Don't be shy Kel, it's O.K. to care mate. I respect you more (read: have some respect for you now) after reading this. I too stick up for the aboriginal plight mate. I have quite a few as friends as well, good people.


----------



## DBerry (Jun 11, 2013)

stiflers mum said:


> I noticed you sticking up for Aboriginals in a lounge thread that has been locked against some Perth dude. KKKel is mellowing and becoming a bleeding heart.





Kel said:


> Let's not get excited folks, I just pointed out some facts in one response, I was being fairly neutral in all....... Nothing to damage my KKKel persona hopefully





Sox said:


> Don't be shy big fella, you're amongst fellow backslappers. :smile





Stiffjab said:


> Sounds like a plan bruiser and as both of us are Belcomptonknights it makes it that much easier :happy
> 
> I was thinking of making the trip up to see Dale and Sox if it comes together and I'd be happy to give you a ride. I figure if theres 2 of us then Dale has a fight on his hands if his plan is to lure us into his infamous outback rape dungeon.


:lol: I can't wait to catch up with you, and Francis for that matter, for a sit down laugh and ale, I believe you two will be good lads outside your cunt personas.

(just kidding, I think both of you would be great to catch up with for an ale)


----------



## Kel (May 22, 2013)

There's too much of a backslapping love-fest happening here at the moment, I feel kind of dirty and violated. 

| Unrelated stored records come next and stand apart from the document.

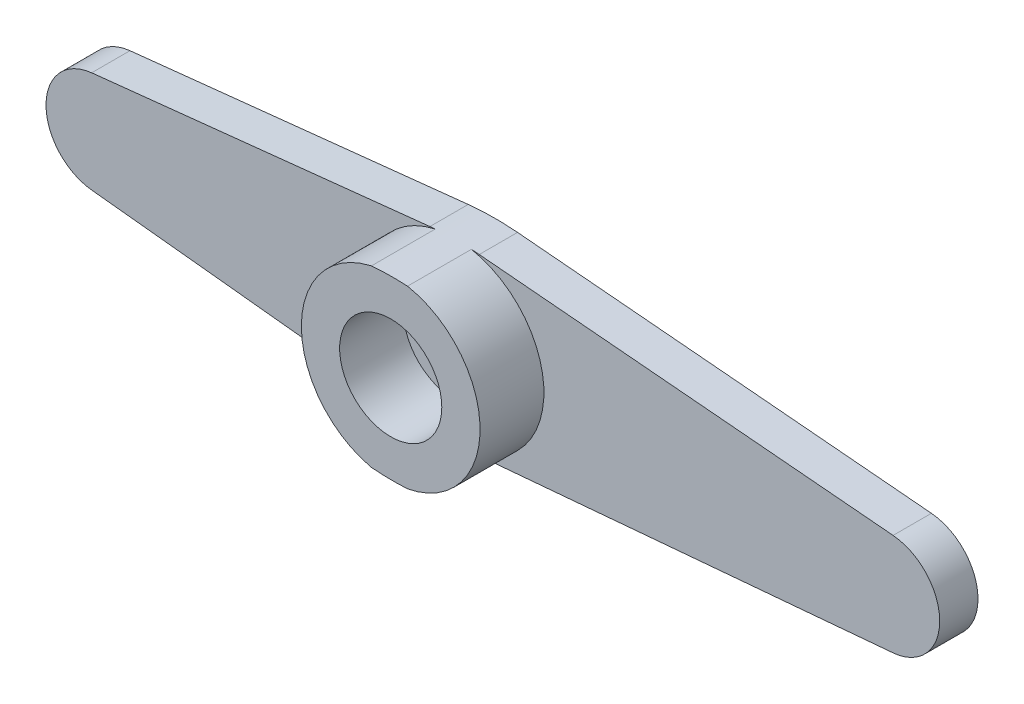
ISO-10303-21;
HEADER;
FILE_DESCRIPTION(('STEP AP214'),'2;1');
FILE_NAME('part.step','',(''),(''),'','','');
FILE_SCHEMA(('AUTOMOTIVE_DESIGN { 1 0 10303 214 1 1 1 1 }'));
ENDSEC;
DATA;
#1=APPLICATION_CONTEXT('core data for automotive mechanical design processes');
#2=APPLICATION_PROTOCOL_DEFINITION('international standard','automotive_design',2000,#1);
#3=PRODUCT_CONTEXT('',#1,'mechanical');
#4=PRODUCT('Part','Part','',(#3));
#5=PRODUCT_RELATED_PRODUCT_CATEGORY('part','',(#4));
#6=PRODUCT_DEFINITION_FORMATION('','',#4);
#7=PRODUCT_DEFINITION_CONTEXT('part definition',#1,'design');
#8=PRODUCT_DEFINITION('design','',#6,#7);
#9=PRODUCT_DEFINITION_SHAPE('','',#8);
#10=(LENGTH_UNIT() NAMED_UNIT(*) SI_UNIT(.MILLI.,.METRE.));
#11=(NAMED_UNIT(*) PLANE_ANGLE_UNIT() SI_UNIT($,.RADIAN.));
#12=(NAMED_UNIT(*) SI_UNIT($,.STERADIAN.) SOLID_ANGLE_UNIT());
#13=UNCERTAINTY_MEASURE_WITH_UNIT(LENGTH_MEASURE(1.E-05),#10,'distance_accuracy_value','');
#14=(GEOMETRIC_REPRESENTATION_CONTEXT(3) GLOBAL_UNCERTAINTY_ASSIGNED_CONTEXT((#13)) GLOBAL_UNIT_ASSIGNED_CONTEXT((#10,
#11,#12)) REPRESENTATION_CONTEXT('',''));
#15=CARTESIAN_POINT('',(0.,0.,0.));
#16=DIRECTION('',(0.,0.,1.));
#17=DIRECTION('',(1.,0.,0.));
#18=AXIS2_PLACEMENT_3D('',#15,#16,#17);
#19=CARTESIAN_POINT('',(0.0923349657358031,6.54656065875096,1.5));
#20=DIRECTION('',(0.,0.,1.));
#21=DIRECTION('',(1.,0.,0.));
#22=AXIS2_PLACEMENT_3D('',#19,#20,#21);
#23=PLANE('',#22);
#24=CARTESIAN_POINT('',(0.0923349657358031,6.54656065875096,1.5));
#25=DIRECTION('',(0.,0.,1.));
#26=DIRECTION('',(1.,0.,0.));
#27=AXIS2_PLACEMENT_3D('',#24,#25,#26);
#28=CIRCLE('',#27,10.);
#29=CARTESIAN_POINT('',(-0.965077795265276,-3.3973760995391,1.5));
#30=VERTEX_POINT('',#29);
#31=CARTESIAN_POINT('',(-0.755897231967521,-3.41739950469708,1.5));
#32=VERTEX_POINT('',#31);
#33=EDGE_CURVE('E270',#30,#32,#28,.T.);
#34=ORIENTED_EDGE('',*,*,#33,.T.);
#35=CARTESIAN_POINT('',(0.,0.,1.5));
#36=DIRECTION('',(0.,0.,1.));
#37=DIRECTION('',(1.,0.,0.));
#38=AXIS2_PLACEMENT_3D('',#35,#36,#37);
#39=CIRCLE('',#38,3.5);
#40=CARTESIAN_POINT('',(-0.755897231967522,3.41739950469708,1.5));
#41=VERTEX_POINT('',#40);
#42=EDGE_CURVE('E162',#32,#41,#39,.F.);
#43=ORIENTED_EDGE('',*,*,#42,.T.);
#44=CARTESIAN_POINT('',(0.0923349657358066,-6.54656065875096,1.5));
#45=DIRECTION('',(0.,0.,1.));
#46=DIRECTION('',(1.,0.,0.));
#47=AXIS2_PLACEMENT_3D('',#44,#45,#46);
#48=CIRCLE('',#47,10.);
#49=CARTESIAN_POINT('',(-0.965077795265283,3.3973760995391,1.5));
#50=VERTEX_POINT('',#49);
#51=EDGE_CURVE('E131',#41,#50,#48,.T.);
#52=ORIENTED_EDGE('',*,*,#51,.T.);
#53=DIRECTION('',(-0.994393675829005,-0.105741276100109,0.));
#54=VECTOR('',#53,1.);
#55=CARTESIAN_POINT('',(-0.965077795265282,3.39737609953909,1.5));
#56=LINE('',#55,#54);
#57=CARTESIAN_POINT('',(-14.2114825522002,1.988787351658,1.5));
#58=VERTEX_POINT('',#57);
#59=EDGE_CURVE('E122',#50,#58,#56,.T.);
#60=ORIENTED_EDGE('',*,*,#59,.T.);
#61=CARTESIAN_POINT('',(-14.,0.,1.5));
#62=DIRECTION('',(0.,0.,1.));
#63=DIRECTION('',(1.,0.,0.));
#64=AXIS2_PLACEMENT_3D('',#61,#62,#63);
#65=CIRCLE('',#64,2.);
#66=CARTESIAN_POINT('',(-14.2114825522002,-1.98878735165802,1.5));
#67=VERTEX_POINT('',#66);
#68=EDGE_CURVE('E127',#58,#67,#65,.T.);
#69=ORIENTED_EDGE('',*,*,#68,.T.);
#70=DIRECTION('',(-0.994393675829005,0.105741276100108,0.));
#71=VECTOR('',#70,1.);
#72=CARTESIAN_POINT('',(-0.965077795265276,-3.3973760995391,1.5));
#73=LINE('',#72,#71);
#74=EDGE_CURVE('E152',#30,#67,#73,.T.);
#75=ORIENTED_EDGE('',*,*,#74,.F.);
#76=EDGE_LOOP('',(#34,#43,#52,#60,#69,#75));
#77=FACE_BOUND('',#76,.T.);
#78=ADVANCED_FACE('F41',(#77),#23,.T.);
#79=CARTESIAN_POINT('',(0.0923349657358031,6.54656065875096,1.5));
#80=DIRECTION('',(0.,0.,-1.));
#81=DIRECTION('',(-1.,0.,0.));
#82=AXIS2_PLACEMENT_3D('',#79,#80,#81);
#83=CYLINDRICAL_SURFACE('',#82,10.);
#84=CARTESIAN_POINT('',(0.0923349657358031,6.54656065875096,0.));
#85=DIRECTION('',(0.,0.,1.));
#86=DIRECTION('',(1.,0.,0.));
#87=AXIS2_PLACEMENT_3D('',#84,#85,#86);
#88=CIRCLE('',#87,10.);
#89=CARTESIAN_POINT('',(-0.965077795265276,-3.3973760995391,0.));
#90=VERTEX_POINT('',#89);
#91=CARTESIAN_POINT('',(0.966800983112841,-3.41513142565181,0.));
#92=VERTEX_POINT('',#91);
#93=EDGE_CURVE('E158',#90,#92,#88,.T.);
#94=ORIENTED_EDGE('',*,*,#93,.T.);
#95=DIRECTION('',(0.,0.,-1.));
#96=VECTOR('',#95,1.);
#97=CARTESIAN_POINT('',(0.966800983112841,-3.41513142565181,1.5));
#98=LINE('',#97,#96);
#99=CARTESIAN_POINT('',(0.966800983112841,-3.41513142565181,1.5));
#100=VERTEX_POINT('',#99);
#101=EDGE_CURVE('E45',#100,#92,#98,.T.);
#102=ORIENTED_EDGE('',*,*,#101,.F.);
#103=CARTESIAN_POINT('',(0.659215340358419,-3.43735874401205,1.5));
#104=VERTEX_POINT('',#103);
#105=EDGE_CURVE('E105',#104,#100,#28,.T.);
#106=ORIENTED_EDGE('',*,*,#105,.F.);
#107=DIRECTION('',(0.,0.,-1.));
#108=VECTOR('',#107,1.);
#109=CARTESIAN_POINT('',(0.659215340358419,-3.43735874401205,4.));
#110=LINE('',#109,#108);
#111=CARTESIAN_POINT('',(0.659215340358419,-3.43735874401205,4.));
#112=VERTEX_POINT('',#111);
#113=EDGE_CURVE('E58',#112,#104,#110,.T.);
#114=ORIENTED_EDGE('',*,*,#113,.F.);
#115=CARTESIAN_POINT('',(0.0923349657358031,6.54656065875096,4.));
#116=DIRECTION('',(0.,0.,1.));
#117=DIRECTION('',(1.,0.,0.));
#118=AXIS2_PLACEMENT_3D('',#115,#116,#117);
#119=CIRCLE('',#118,10.);
#120=CARTESIAN_POINT('',(-0.755897231967521,-3.41739950469708,4.));
#121=VERTEX_POINT('',#120);
#122=EDGE_CURVE('E254',#121,#112,#119,.T.);
#123=ORIENTED_EDGE('',*,*,#122,.F.);
#124=DIRECTION('',(0.,0.,-1.));
#125=VECTOR('',#124,1.);
#126=CARTESIAN_POINT('',(-0.755897231967521,-3.41739950469708,4.));
#127=LINE('',#126,#125);
#128=EDGE_CURVE('E251',#121,#32,#127,.T.);
#129=ORIENTED_EDGE('',*,*,#128,.T.);
#130=ORIENTED_EDGE('',*,*,#33,.F.);
#131=DIRECTION('',(0.,0.,-1.));
#132=VECTOR('',#131,1.);
#133=CARTESIAN_POINT('',(-0.965077795265276,-3.3973760995391,1.5));
#134=LINE('',#133,#132);
#135=EDGE_CURVE('E67',#30,#90,#134,.T.);
#136=ORIENTED_EDGE('',*,*,#135,.T.);
#137=EDGE_LOOP('',(#94,#102,#106,#114,#123,#129,#130,#136));
#138=FACE_BOUND('',#137,.T.);
#139=ADVANCED_FACE('F43',(#138),#83,.T.);
#140=CARTESIAN_POINT('',(0.966800983112841,-3.41513142565181,1.5));
#141=DIRECTION('',(-0.0874466017377038,0.996169208440277,0.));
#142=DIRECTION('',(-0.996169208440277,-0.0874466017377038,0.));
#143=AXIS2_PLACEMENT_3D('',#140,#141,#142);
#144=PLANE('',#143);
#145=DIRECTION('',(0.996169208440277,0.0874466017377038,0.));
#146=VECTOR('',#145,1.);
#147=CARTESIAN_POINT('',(0.966800983112841,-3.41513142565181,0.));
#148=LINE('',#147,#146);
#149=CARTESIAN_POINT('',(17.1748932034754,-1.99233841688056,0.));
#150=VERTEX_POINT('',#149);
#151=EDGE_CURVE('E161',#92,#150,#148,.T.);
#152=ORIENTED_EDGE('',*,*,#151,.T.);
#153=DIRECTION('',(0.,0.,-1.));
#154=VECTOR('',#153,1.);
#155=CARTESIAN_POINT('',(17.1748932034754,-1.99233841688056,1.5));
#156=LINE('',#155,#154);
#157=CARTESIAN_POINT('',(17.1748932034754,-1.99233841688056,1.5));
#158=VERTEX_POINT('',#157);
#159=EDGE_CURVE('E197',#158,#150,#156,.T.);
#160=ORIENTED_EDGE('',*,*,#159,.F.);
#161=DIRECTION('',(0.996169208440277,0.0874466017377038,0.));
#162=VECTOR('',#161,1.);
#163=CARTESIAN_POINT('',(0.966800983112841,-3.41513142565181,1.5));
#164=LINE('',#163,#162);
#165=EDGE_CURVE('E209',#100,#158,#164,.T.);
#166=ORIENTED_EDGE('',*,*,#165,.F.);
#167=ORIENTED_EDGE('',*,*,#101,.T.);
#168=EDGE_LOOP('',(#152,#160,#166,#167));
#169=FACE_BOUND('',#168,.T.);
#170=ADVANCED_FACE('F207',(#169),#144,.F.);
#171=CARTESIAN_POINT('',(17.,0.,1.5));
#172=DIRECTION('',(0.,0.,-1.));
#173=DIRECTION('',(-1.,0.,0.));
#174=AXIS2_PLACEMENT_3D('',#171,#172,#173);
#175=CYLINDRICAL_SURFACE('',#174,2.);
#176=CARTESIAN_POINT('',(17.,0.,0.));
#177=DIRECTION('',(0.,0.,-1.));
#178=DIRECTION('',(-1.,0.,0.));
#179=AXIS2_PLACEMENT_3D('',#176,#177,#178);
#180=CIRCLE('',#179,2.);
#181=CARTESIAN_POINT('',(17.1748932034754,1.99233841688055,0.));
#182=VERTEX_POINT('',#181);
#183=EDGE_CURVE('E166',#182,#150,#180,.T.);
#184=ORIENTED_EDGE('',*,*,#183,.F.);
#185=DIRECTION('',(0.,0.,-1.));
#186=VECTOR('',#185,1.);
#187=CARTESIAN_POINT('',(17.1748932034754,1.99233841688055,1.5));
#188=LINE('',#187,#186);
#189=CARTESIAN_POINT('',(17.1748932034754,1.99233841688055,1.5));
#190=VERTEX_POINT('',#189);
#191=EDGE_CURVE('E195',#190,#182,#188,.T.);
#192=ORIENTED_EDGE('',*,*,#191,.F.);
#193=CARTESIAN_POINT('',(17.,0.,1.5));
#194=DIRECTION('',(0.,0.,-1.));
#195=DIRECTION('',(-1.,0.,0.));
#196=AXIS2_PLACEMENT_3D('',#193,#194,#195);
#197=CIRCLE('',#196,2.);
#198=EDGE_CURVE('E216',#190,#158,#197,.T.);
#199=ORIENTED_EDGE('',*,*,#198,.T.);
#200=ORIENTED_EDGE('',*,*,#159,.T.);
#201=EDGE_LOOP('',(#184,#192,#199,#200));
#202=FACE_BOUND('',#201,.T.);
#203=ADVANCED_FACE('F214',(#202),#175,.T.);
#204=CARTESIAN_POINT('',(0.966800983112849,3.41513142565181,1.5));
#205=DIRECTION('',(0.0874466017377044,0.996169208440277,0.));
#206=DIRECTION('',(-0.996169208440277,0.0874466017377044,0.));
#207=AXIS2_PLACEMENT_3D('',#204,#205,#206);
#208=PLANE('',#207);
#209=DIRECTION('',(0.996169208440277,-0.0874466017377044,0.));
#210=VECTOR('',#209,1.);
#211=CARTESIAN_POINT('',(0.966800983112849,3.41513142565181,0.));
#212=LINE('',#211,#210);
#213=CARTESIAN_POINT('',(0.966800983112849,3.41513142565181,0.));
#214=VERTEX_POINT('',#213);
#215=EDGE_CURVE('E170',#214,#182,#212,.T.);
#216=ORIENTED_EDGE('',*,*,#215,.F.);
#217=DIRECTION('',(0.,0.,-1.));
#218=VECTOR('',#217,1.);
#219=CARTESIAN_POINT('',(0.966800983112849,3.41513142565181,1.5));
#220=LINE('',#219,#218);
#221=CARTESIAN_POINT('',(0.966800983112849,3.41513142565181,1.5));
#222=VERTEX_POINT('',#221);
#223=EDGE_CURVE('E192',#222,#214,#220,.T.);
#224=ORIENTED_EDGE('',*,*,#223,.F.);
#225=DIRECTION('',(0.996169208440277,-0.0874466017377044,0.));
#226=VECTOR('',#225,1.);
#227=CARTESIAN_POINT('',(0.966800983112849,3.41513142565181,1.5));
#228=LINE('',#227,#226);
#229=EDGE_CURVE('E222',#222,#190,#228,.T.);
#230=ORIENTED_EDGE('',*,*,#229,.T.);
#231=ORIENTED_EDGE('',*,*,#191,.T.);
#232=EDGE_LOOP('',(#216,#224,#230,#231));
#233=FACE_BOUND('',#232,.T.);
#234=ADVANCED_FACE('F225',(#233),#208,.T.);
#235=CARTESIAN_POINT('',(0.0923349657358066,-6.54656065875096,1.5));
#236=DIRECTION('',(0.,0.,-1.));
#237=DIRECTION('',(-1.,0.,0.));
#238=AXIS2_PLACEMENT_3D('',#235,#236,#237);
#239=CYLINDRICAL_SURFACE('',#238,10.);
#240=CARTESIAN_POINT('',(0.0923349657358066,-6.54656065875096,0.));
#241=DIRECTION('',(0.,0.,1.));
#242=DIRECTION('',(1.,0.,0.));
#243=AXIS2_PLACEMENT_3D('',#240,#241,#242);
#244=CIRCLE('',#243,10.);
#245=CARTESIAN_POINT('',(-0.965077795265283,3.3973760995391,0.));
#246=VERTEX_POINT('',#245);
#247=EDGE_CURVE('E174',#214,#246,#244,.T.);
#248=ORIENTED_EDGE('',*,*,#247,.T.);
#249=DIRECTION('',(0.,0.,-1.));
#250=VECTOR('',#249,1.);
#251=CARTESIAN_POINT('',(-0.965077795265283,3.3973760995391,1.5));
#252=LINE('',#251,#250);
#253=EDGE_CURVE('E147',#50,#246,#252,.T.);
#254=ORIENTED_EDGE('',*,*,#253,.F.);
#255=ORIENTED_EDGE('',*,*,#51,.F.);
#256=DIRECTION('',(0.,0.,-1.));
#257=VECTOR('',#256,1.);
#258=CARTESIAN_POINT('',(-0.755897231967522,3.41739950469708,4.));
#259=LINE('',#258,#257);
#260=CARTESIAN_POINT('',(-0.755897231967522,3.41739950469708,4.));
#261=VERTEX_POINT('',#260);
#262=EDGE_CURVE('E262',#261,#41,#259,.T.);
#263=ORIENTED_EDGE('',*,*,#262,.F.);
#264=CARTESIAN_POINT('',(0.0923349657358066,-6.54656065875096,4.));
#265=DIRECTION('',(0.,0.,1.));
#266=DIRECTION('',(1.,0.,0.));
#267=AXIS2_PLACEMENT_3D('',#264,#265,#266);
#268=CIRCLE('',#267,10.);
#269=CARTESIAN_POINT('',(0.659215340358417,3.43735874401205,4.));
#270=VERTEX_POINT('',#269);
#271=EDGE_CURVE('E245',#270,#261,#268,.T.);
#272=ORIENTED_EDGE('',*,*,#271,.F.);
#273=DIRECTION('',(0.,0.,-1.));
#274=VECTOR('',#273,1.);
#275=CARTESIAN_POINT('',(0.659215340358417,3.43735874401205,4.));
#276=LINE('',#275,#274);
#277=CARTESIAN_POINT('',(0.659215340358417,3.43735874401205,1.5));
#278=VERTEX_POINT('',#277);
#279=EDGE_CURVE('E242',#270,#278,#276,.T.);
#280=ORIENTED_EDGE('',*,*,#279,.T.);
#281=EDGE_CURVE('E136',#222,#278,#48,.T.);
#282=ORIENTED_EDGE('',*,*,#281,.F.);
#283=ORIENTED_EDGE('',*,*,#223,.T.);
#284=EDGE_LOOP('',(#248,#254,#255,#263,#272,#280,#282,#283));
#285=FACE_BOUND('',#284,.T.);
#286=ADVANCED_FACE('F239',(#285),#239,.T.);
#287=CARTESIAN_POINT('',(-0.965077795265282,3.39737609953909,1.5));
#288=DIRECTION('',(0.105741276100109,-0.994393675829005,0.));
#289=DIRECTION('',(0.994393675829005,0.105741276100109,0.));
#290=AXIS2_PLACEMENT_3D('',#287,#288,#289);
#291=PLANE('',#290);
#292=DIRECTION('',(-0.994393675829005,-0.105741276100109,0.));
#293=VECTOR('',#292,1.);
#294=CARTESIAN_POINT('',(-0.965077795265282,3.39737609953909,0.));
#295=LINE('',#294,#293);
#296=CARTESIAN_POINT('',(-14.2114825522002,1.988787351658,0.));
#297=VERTEX_POINT('',#296);
#298=EDGE_CURVE('E142',#246,#297,#295,.T.);
#299=ORIENTED_EDGE('',*,*,#298,.T.);
#300=DIRECTION('',(0.,0.,-1.));
#301=VECTOR('',#300,1.);
#302=CARTESIAN_POINT('',(-14.2114825522002,1.988787351658,1.5));
#303=LINE('',#302,#301);
#304=EDGE_CURVE('E139',#58,#297,#303,.T.);
#305=ORIENTED_EDGE('',*,*,#304,.F.);
#306=ORIENTED_EDGE('',*,*,#59,.F.);
#307=ORIENTED_EDGE('',*,*,#253,.T.);
#308=EDGE_LOOP('',(#299,#305,#306,#307));
#309=FACE_BOUND('',#308,.T.);
#310=ADVANCED_FACE('F140',(#309),#291,.F.);
#311=CARTESIAN_POINT('',(-14.,0.,1.5));
#312=DIRECTION('',(0.,0.,-1.));
#313=DIRECTION('',(-1.,0.,0.));
#314=AXIS2_PLACEMENT_3D('',#311,#312,#313);
#315=CYLINDRICAL_SURFACE('',#314,2.);
#316=CARTESIAN_POINT('',(-14.,0.,0.));
#317=DIRECTION('',(0.,0.,1.));
#318=DIRECTION('',(1.,0.,0.));
#319=AXIS2_PLACEMENT_3D('',#316,#317,#318);
#320=CIRCLE('',#319,2.);
#321=CARTESIAN_POINT('',(-14.2114825522002,-1.98878735165802,0.));
#322=VERTEX_POINT('',#321);
#323=EDGE_CURVE('E179',#297,#322,#320,.T.);
#324=ORIENTED_EDGE('',*,*,#323,.T.);
#325=DIRECTION('',(0.,0.,-1.));
#326=VECTOR('',#325,1.);
#327=CARTESIAN_POINT('',(-14.2114825522002,-1.98878735165802,1.5));
#328=LINE('',#327,#326);
#329=EDGE_CURVE('E148',#67,#322,#328,.T.);
#330=ORIENTED_EDGE('',*,*,#329,.F.);
#331=ORIENTED_EDGE('',*,*,#68,.F.);
#332=ORIENTED_EDGE('',*,*,#304,.T.);
#333=EDGE_LOOP('',(#324,#330,#331,#332));
#334=FACE_BOUND('',#333,.T.);
#335=ADVANCED_FACE('F150',(#334),#315,.T.);
#336=CARTESIAN_POINT('',(-0.965077795265276,-3.3973760995391,1.5));
#337=DIRECTION('',(-0.105741276100108,-0.994393675829005,0.));
#338=DIRECTION('',(0.994393675829005,-0.105741276100108,0.));
#339=AXIS2_PLACEMENT_3D('',#336,#337,#338);
#340=PLANE('',#339);
#341=DIRECTION('',(-0.994393675829005,0.105741276100108,0.));
#342=VECTOR('',#341,1.);
#343=CARTESIAN_POINT('',(-0.965077795265276,-3.3973760995391,0.));
#344=LINE('',#343,#342);
#345=EDGE_CURVE('E182',#90,#322,#344,.T.);
#346=ORIENTED_EDGE('',*,*,#345,.F.);
#347=ORIENTED_EDGE('',*,*,#135,.F.);
#348=ORIENTED_EDGE('',*,*,#74,.T.);
#349=ORIENTED_EDGE('',*,*,#329,.T.);
#350=EDGE_LOOP('',(#346,#347,#348,#349));
#351=FACE_BOUND('',#350,.T.);
#352=ADVANCED_FACE('F312',(#351),#340,.T.);
#353=ORIENTED_EDGE('',*,*,#281,.T.);
#354=CARTESIAN_POINT('',(0.,0.,1.5));
#355=DIRECTION('',(0.,0.,1.));
#356=DIRECTION('',(1.,0.,0.));
#357=AXIS2_PLACEMENT_3D('',#354,#355,#356);
#358=CIRCLE('',#357,3.5);
#359=EDGE_CURVE('E233',#278,#104,#358,.F.);
#360=ORIENTED_EDGE('',*,*,#359,.T.);
#361=ORIENTED_EDGE('',*,*,#105,.T.);
#362=ORIENTED_EDGE('',*,*,#165,.T.);
#363=ORIENTED_EDGE('',*,*,#198,.F.);
#364=ORIENTED_EDGE('',*,*,#229,.F.);
#365=EDGE_LOOP('',(#353,#360,#361,#362,#363,#364));
#366=FACE_BOUND('',#365,.T.);
#367=ADVANCED_FACE('F221',(#366),#23,.T.);
#368=CARTESIAN_POINT('',(0.0923349657358031,6.54656065875096,0.));
#369=DIRECTION('',(0.,0.,1.));
#370=DIRECTION('',(1.,0.,0.));
#371=AXIS2_PLACEMENT_3D('',#368,#369,#370);
#372=PLANE('',#371);
#373=ORIENTED_EDGE('',*,*,#151,.F.);
#374=ORIENTED_EDGE('',*,*,#93,.F.);
#375=ORIENTED_EDGE('',*,*,#345,.T.);
#376=ORIENTED_EDGE('',*,*,#323,.F.);
#377=ORIENTED_EDGE('',*,*,#298,.F.);
#378=ORIENTED_EDGE('',*,*,#247,.F.);
#379=ORIENTED_EDGE('',*,*,#215,.T.);
#380=ORIENTED_EDGE('',*,*,#183,.T.);
#381=EDGE_LOOP('',(#373,#374,#375,#376,#377,#378,#379,#380));
#382=FACE_BOUND('',#381,.T.);
#383=ADVANCED_FACE('F211',(#382),#372,.F.);
#384=CARTESIAN_POINT('',(0.,0.,4.));
#385=DIRECTION('',(0.,0.,-1.));
#386=DIRECTION('',(-1.,0.,0.));
#387=AXIS2_PLACEMENT_3D('',#384,#385,#386);
#388=CYLINDRICAL_SURFACE('',#387,3.5);
#389=ORIENTED_EDGE('',*,*,#42,.F.);
#390=ORIENTED_EDGE('',*,*,#128,.F.);
#391=CARTESIAN_POINT('',(0.,0.,4.));
#392=DIRECTION('',(0.,0.,1.));
#393=DIRECTION('',(1.,0.,0.));
#394=AXIS2_PLACEMENT_3D('',#391,#392,#393);
#395=CIRCLE('',#394,3.5);
#396=EDGE_CURVE('E256',#261,#121,#395,.T.);
#397=ORIENTED_EDGE('',*,*,#396,.F.);
#398=ORIENTED_EDGE('',*,*,#262,.T.);
#399=EDGE_LOOP('',(#389,#390,#397,#398));
#400=FACE_BOUND('',#399,.T.);
#401=ADVANCED_FACE('F281',(#400),#388,.T.);
#402=CARTESIAN_POINT('',(0.,0.,4.));
#403=DIRECTION('',(0.,0.,-1.));
#404=DIRECTION('',(-1.,0.,0.));
#405=AXIS2_PLACEMENT_3D('',#402,#403,#404);
#406=CYLINDRICAL_SURFACE('',#405,2.);
#407=CARTESIAN_POINT('',(0.,0.,1.5));
#408=DIRECTION('',(0.,0.,1.));
#409=DIRECTION('',(1.,0.,0.));
#410=AXIS2_PLACEMENT_3D('',#407,#408,#409);
#411=CIRCLE('',#410,2.);
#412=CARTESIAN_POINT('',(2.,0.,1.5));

Order must be restored at once :fire


----------



## DBerry (Jun 11, 2013)

Kel said:


> There's too much of a backslapping love-fest happening here at the moment, I feel kind of dirty and violated.
> 
> Order must be restored at once :fire


Fuck right up you miserable cocksucker, what the fuck is wrong with you cunt? Did daddy forget to unload down your throat?

Is that better mate?


----------



## whipsy (May 29, 2013)

Dberry, is just buttering you guys up then he is gonna lure you into his rape dungeon and violate you... you heard it here first


----------



## Kel (May 22, 2013)

whipsy said:


> Dberry, is just buttering you guys up then he is gonna lure you into his rape dungeon and violate you... you heard it here first


Yes I feel Dales has a touch of Bradley Murdoch lurking inside


----------



## DBerry (Jun 11, 2013)

whipsy said:


> Dberry, is just buttering you guys up then he is gonna lure you into his rape dungeon and violate you... you heard it here first


they'll think that I'm at Sox's (alibi is taken care of) when I'll really be watching my 'call bird' lure you into my evil, evil web. Gimp.


----------



## DBerry (Jun 11, 2013)

Oh, and you boys should know by now to call me Dale.


----------



## zelky (May 28, 2013)

DBerry said:


> Oh, and you boys should know by now to call me Dale.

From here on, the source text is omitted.